Aim of the task = All that is wanted is the exact lines from the first line of the data below through the line with "#3895 = CARTESIAN_POINT", both ends included, with pictures omitted.

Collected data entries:
# # # #

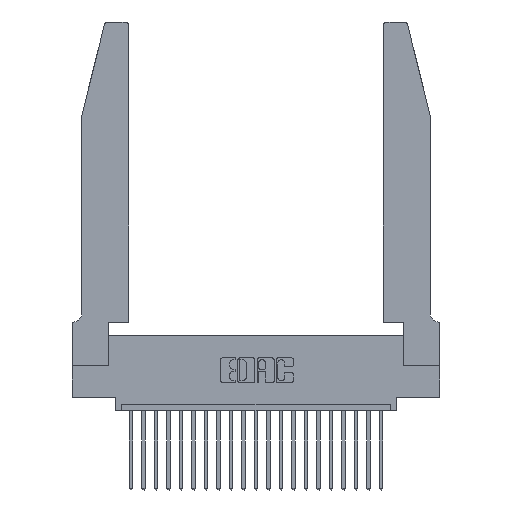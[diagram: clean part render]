
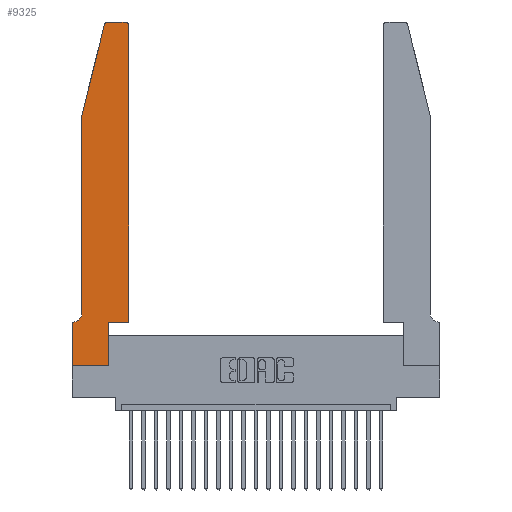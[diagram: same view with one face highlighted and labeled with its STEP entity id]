
A CAD part, top view. The second image highlights one B-rep face of the part: STEP entity #9325.
In plain terms, the highlighted planar face has unit normal (0, 0, 1).
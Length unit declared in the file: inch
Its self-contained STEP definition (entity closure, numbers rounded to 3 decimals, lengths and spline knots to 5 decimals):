
#267 = CARTESIAN_POINT ( 'NONE',  ( 0.0755, 2., 0.37 ) ) ;
#661 = VECTOR ( 'NONE', #10644, 39.37008 ) ;
#750 = VECTOR ( 'NONE', #2296, 39.37008 ) ;
#885 = ORIENTED_EDGE ( 'NONE', *, *, #1865, .T. ) ;
#1027 = CARTESIAN_POINT ( 'NONE',  ( 0.0755, 2., 0.37 ) ) ;
#1036 = CARTESIAN_POINT ( 'NONE',  ( 0., 0., 0.37 ) ) ;
#1344 = LINE ( 'NONE', #19216, #16714 ) ;
#1485 = FACE_OUTER_BOUND ( 'NONE', #23130, .T. ) ;
#1508 = CARTESIAN_POINT ( 'NONE',  ( 0.0055, 0.35, 0.37 ) ) ;
#1568 = EDGE_CURVE ( 'NONE', #22589, #5425, #1344, .T. ) ;
#1865 = EDGE_CURVE ( 'NONE', #16413, #19247, #22656, .T. ) ;
#2060 = ORIENTED_EDGE ( 'NONE', *, *, #14155, .T. ) ;
#2296 = DIRECTION ( 'NONE',  ( -1., 0., 0. ) ) ;
#2621 = AXIS2_PLACEMENT_3D ( 'NONE', #10763, #23395, #11140 ) ;
#2838 = DIRECTION ( 'NONE',  ( 1., 0., 0. ) ) ;
#2913 = EDGE_CURVE ( 'NONE', #19247, #7035, #15237, .T. ) ;
#2962 = CARTESIAN_POINT ( 'NONE',  ( 0.2865, 0., 0.37 ) ) ;
#3197 = AXIS2_PLACEMENT_3D ( 'NONE', #18968, #13640, #6188 ) ;
#3461 = AXIS2_PLACEMENT_3D ( 'NONE', #21875, #18325, #22052 ) ;
#3768 = ORIENTED_EDGE ( 'NONE', *, *, #13486, .T. ) ;
#3876 = EDGE_CURVE ( 'NONE', #15481, #22604, #21667, .T. ) ;
#3895 = CARTESIAN_POINT ( 'NONE',  ( 0.0755, 2., 0.37 ) ) ;
#5021 = EDGE_CURVE ( 'NONE', #11705, #9742, #11743, .T. ) ;
#5425 = VERTEX_POINT ( 'NONE', #19718 ) ;
#5506 = LINE ( 'NONE', #6840, #661 ) ;
#5537 = PLANE ( 'NONE',  #3461 ) ;
#6188 = DIRECTION ( 'NONE',  ( -1., 0., 0. ) ) ;
#6190 = CARTESIAN_POINT ( 'NONE',  ( 0.284, 2.75, 0.37 ) ) ;
#6840 = CARTESIAN_POINT ( 'NONE',  ( 0.4505, 0.35, 0.37 ) ) ;
#7035 = VERTEX_POINT ( 'NONE', #21923 ) ;
#7165 = ORIENTED_EDGE ( 'NONE', *, *, #3876, .T. ) ;
#7167 = VECTOR ( 'NONE', #9153, 39.37008 ) ;
#7183 = VERTEX_POINT ( 'NONE', #2962 ) ;
#7184 = VECTOR ( 'NONE', #10777, 39.37008 ) ;
#7331 = DIRECTION ( 'NONE',  ( 0., 0., 1. ) ) ;
#7676 = ORIENTED_EDGE ( 'NONE', *, *, #2913, .T. ) ;
#7879 = CARTESIAN_POINT ( 'NONE',  ( 0.4505, 2.72, 0.37 ) ) ;
#8129 = ORIENTED_EDGE ( 'NONE', *, *, #15659, .T. ) ;
#8847 = DIRECTION ( 'NONE',  ( -1., 0., 0. ) ) ;
#8895 = EDGE_CURVE ( 'NONE', #22604, #11705, #16934, .T. ) ;
#9153 = DIRECTION ( 'NONE',  ( 0., -1., 0. ) ) ;
#9206 = ORIENTED_EDGE ( 'NONE', *, *, #5021, .T. ) ;
#9325 = ADVANCED_FACE ( 'NONE', ( #1485 ), #5537, .T. ) ;
#9742 = VERTEX_POINT ( 'NONE', #3895 ) ;
#10244 = ORIENTED_EDGE ( 'NONE', *, *, #15601, .T. ) ;
#10644 = DIRECTION ( 'NONE',  ( 0., 1., 0. ) ) ;
#10763 = CARTESIAN_POINT ( 'NONE',  ( 0.4205, 2.72, 0.37 ) ) ;
#10777 = DIRECTION ( 'NONE',  ( 0., 1., 0. ) ) ;
#10817 = EDGE_CURVE ( 'NONE', #11311, #16413, #23236, .T. ) ;
#11140 = DIRECTION ( 'NONE',  ( 1., 0., 0. ) ) ;
#11311 = VERTEX_POINT ( 'NONE', #21190 ) ;
#11705 = VERTEX_POINT ( 'NONE', #22453 ) ;
#11743 = LINE ( 'NONE', #1027, #14251 ) ;
#12129 = DIRECTION ( 'NONE',  ( 0., -1., 0. ) ) ;
#12845 = VECTOR ( 'NONE', #8847, 39.37008 ) ;
#13413 = ORIENTED_EDGE ( 'NONE', *, *, #8895, .T. ) ;
#13444 = ORIENTED_EDGE ( 'NONE', *, *, #1568, .T. ) ;
#13486 = EDGE_CURVE ( 'NONE', #5425, #19635, #5506, .T. ) ;
#13640 = DIRECTION ( 'NONE',  ( 0., 0., -1. ) ) ;
#13736 = LINE ( 'NONE', #15123, #14837 ) ;
#14155 = EDGE_CURVE ( 'NONE', #7035, #7183, #13736, .T. ) ;
#14251 = VECTOR ( 'NONE', #17419, 39.37008 ) ;
#14837 = VECTOR ( 'NONE', #18871, 39.37008 ) ;
#15123 = CARTESIAN_POINT ( 'NONE',  ( 0., 0., 0.37 ) ) ;
#15237 = LINE ( 'NONE', #1036, #19240 ) ;
#15369 = CARTESIAN_POINT ( 'NONE',  ( 0.4205, 2.75, 0.37 ) ) ;
#15481 = VERTEX_POINT ( 'NONE', #15369 ) ;
#15601 = EDGE_CURVE ( 'NONE', #19635, #15481, #21363, .T. ) ;
#15659 = EDGE_CURVE ( 'NONE', #9742, #11311, #15972, .T. ) ;
#15972 = LINE ( 'NONE', #267, #7167 ) ;
#16413 = VERTEX_POINT ( 'NONE', #1508 ) ;
#16556 = LINE ( 'NONE', #21605, #7184 ) ;
#16714 = VECTOR ( 'NONE', #2838, 39.37008 ) ;
#16934 = CIRCLE ( 'NONE', #17028, 0.03 ) ;
#17028 = AXIS2_PLACEMENT_3D ( 'NONE', #18056, #7331, #18127 ) ;
#17295 = ORIENTED_EDGE ( 'NONE', *, *, #10817, .T. ) ;
#17419 = DIRECTION ( 'NONE',  ( -0.239, -0.971, 0. ) ) ;
#18056 = CARTESIAN_POINT ( 'NONE',  ( 0.284, 2.72, 0.37 ) ) ;
#18127 = DIRECTION ( 'NONE',  ( 1., 0., 0. ) ) ;
#18325 = DIRECTION ( 'NONE',  ( 0., 0., 1. ) ) ;
#18871 = DIRECTION ( 'NONE',  ( 1., 0., 0. ) ) ;
#18968 = CARTESIAN_POINT ( 'NONE',  ( 0.0055, 0.42, 0.37 ) ) ;
#19216 = CARTESIAN_POINT ( 'NONE',  ( 0.4505, 0.35, 0.37 ) ) ;
#19240 = VECTOR ( 'NONE', #12129, 39.37008 ) ;
#19247 = VERTEX_POINT ( 'NONE', #20449 ) ;
#19264 = CARTESIAN_POINT ( 'NONE',  ( 0.2605, 2.75, 0.37 ) ) ;
#19635 = VERTEX_POINT ( 'NONE', #7879 ) ;
#19718 = CARTESIAN_POINT ( 'NONE',  ( 0.4505, 0.35, 0.37 ) ) ;
#20449 = CARTESIAN_POINT ( 'NONE',  ( 0., 0.35, 0.37 ) ) ;
#20574 = EDGE_CURVE ( 'NONE', #7183, #22589, #16556, .T. ) ;
#20664 = ORIENTED_EDGE ( 'NONE', *, *, #20574, .T. ) ;
#21190 = CARTESIAN_POINT ( 'NONE',  ( 0.0755, 0.42, 0.37 ) ) ;
#21363 = CIRCLE ( 'NONE', #2621, 0.03 ) ;
#21605 = CARTESIAN_POINT ( 'NONE',  ( 0.2865, 0.35, 0.37 ) ) ;
#21667 = LINE ( 'NONE', #19264, #12845 ) ;
#21875 = CARTESIAN_POINT ( 'NONE',  ( 0., 0.35, 0.37 ) ) ;
#21923 = CARTESIAN_POINT ( 'NONE',  ( 0., 0., 0.37 ) ) ;
#21988 = CARTESIAN_POINT ( 'NONE',  ( 0.0755, 0.35, 0.37 ) ) ;
#22052 = DIRECTION ( 'NONE',  ( 1., 0., 0. ) ) ;
#22453 = CARTESIAN_POINT ( 'NONE',  ( 0.25487, 2.72718, 0.37 ) ) ;
#22589 = VERTEX_POINT ( 'NONE', #22997 ) ;
#22604 = VERTEX_POINT ( 'NONE', #6190 ) ;
#22656 = LINE ( 'NONE', #21988, #750 ) ;
#22997 = CARTESIAN_POINT ( 'NONE',  ( 0.2865, 0.35, 0.37 ) ) ;
#23130 = EDGE_LOOP ( 'NONE', ( #7165, #13413, #9206, #8129, #17295, #885, #7676, #2060, #20664, #13444, #3768, #10244 ) ) ;
#23236 = CIRCLE ( 'NONE', #3197, 0.07 ) ;
#23395 = DIRECTION ( 'NONE',  ( 0., 0., 1. ) ) ;

# # # #

Task response =
[diagram: clean part render]
[diagram: same view with one face highlighted and labeled with its STEP entity id]
A CAD part, top view. The second image highlights one B-rep face of the part: STEP entity #9325.
In plain terms, the highlighted planar face has unit normal (0, 0, 1).
Length unit declared in the file: inch
Its self-contained STEP definition (entity closure, numbers rounded to 3 decimals, lengths and spline knots to 5 decimals):
#267 = CARTESIAN_POINT ( 'NONE',  ( 0.0755, 2., 0.37 ) ) ;
#661 = VECTOR ( 'NONE', #10644, 39.37008 ) ;
#750 = VECTOR ( 'NONE', #2296, 39.37008 ) ;
#885 = ORIENTED_EDGE ( 'NONE', *, *, #1865, .T. ) ;
#1027 = CARTESIAN_POINT ( 'NONE',  ( 0.0755, 2., 0.37 ) ) ;
#1036 = CARTESIAN_POINT ( 'NONE',  ( 0., 0., 0.37 ) ) ;
#1344 = LINE ( 'NONE', #19216, #16714 ) ;
#1485 = FACE_OUTER_BOUND ( 'NONE', #23130, .T. ) ;
#1508 = CARTESIAN_POINT ( 'NONE',  ( 0.0055, 0.35, 0.37 ) ) ;
#1568 = EDGE_CURVE ( 'NONE', #22589, #5425, #1344, .T. ) ;
#1865 = EDGE_CURVE ( 'NONE', #16413, #19247, #22656, .T. ) ;
#2060 = ORIENTED_EDGE ( 'NONE', *, *, #14155, .T. ) ;
#2296 = DIRECTION ( 'NONE',  ( -1., 0., 0. ) ) ;
#2621 = AXIS2_PLACEMENT_3D ( 'NONE', #10763, #23395, #11140 ) ;
#2838 = DIRECTION ( 'NONE',  ( 1., 0., 0. ) ) ;
#2913 = EDGE_CURVE ( 'NONE', #19247, #7035, #15237, .T. ) ;
#2962 = CARTESIAN_POINT ( 'NONE',  ( 0.2865, 0., 0.37 ) ) ;
#3197 = AXIS2_PLACEMENT_3D ( 'NONE', #18968, #13640, #6188 ) ;
#3461 = AXIS2_PLACEMENT_3D ( 'NONE', #21875, #18325, #22052 ) ;
#3768 = ORIENTED_EDGE ( 'NONE', *, *, #13486, .T. ) ;
#3876 = EDGE_CURVE ( 'NONE', #15481, #22604, #21667, .T. ) ;
#3895 = CARTESIAN_POINT ( 'NONE',  ( 0.0755, 2., 0.37 ) ) ;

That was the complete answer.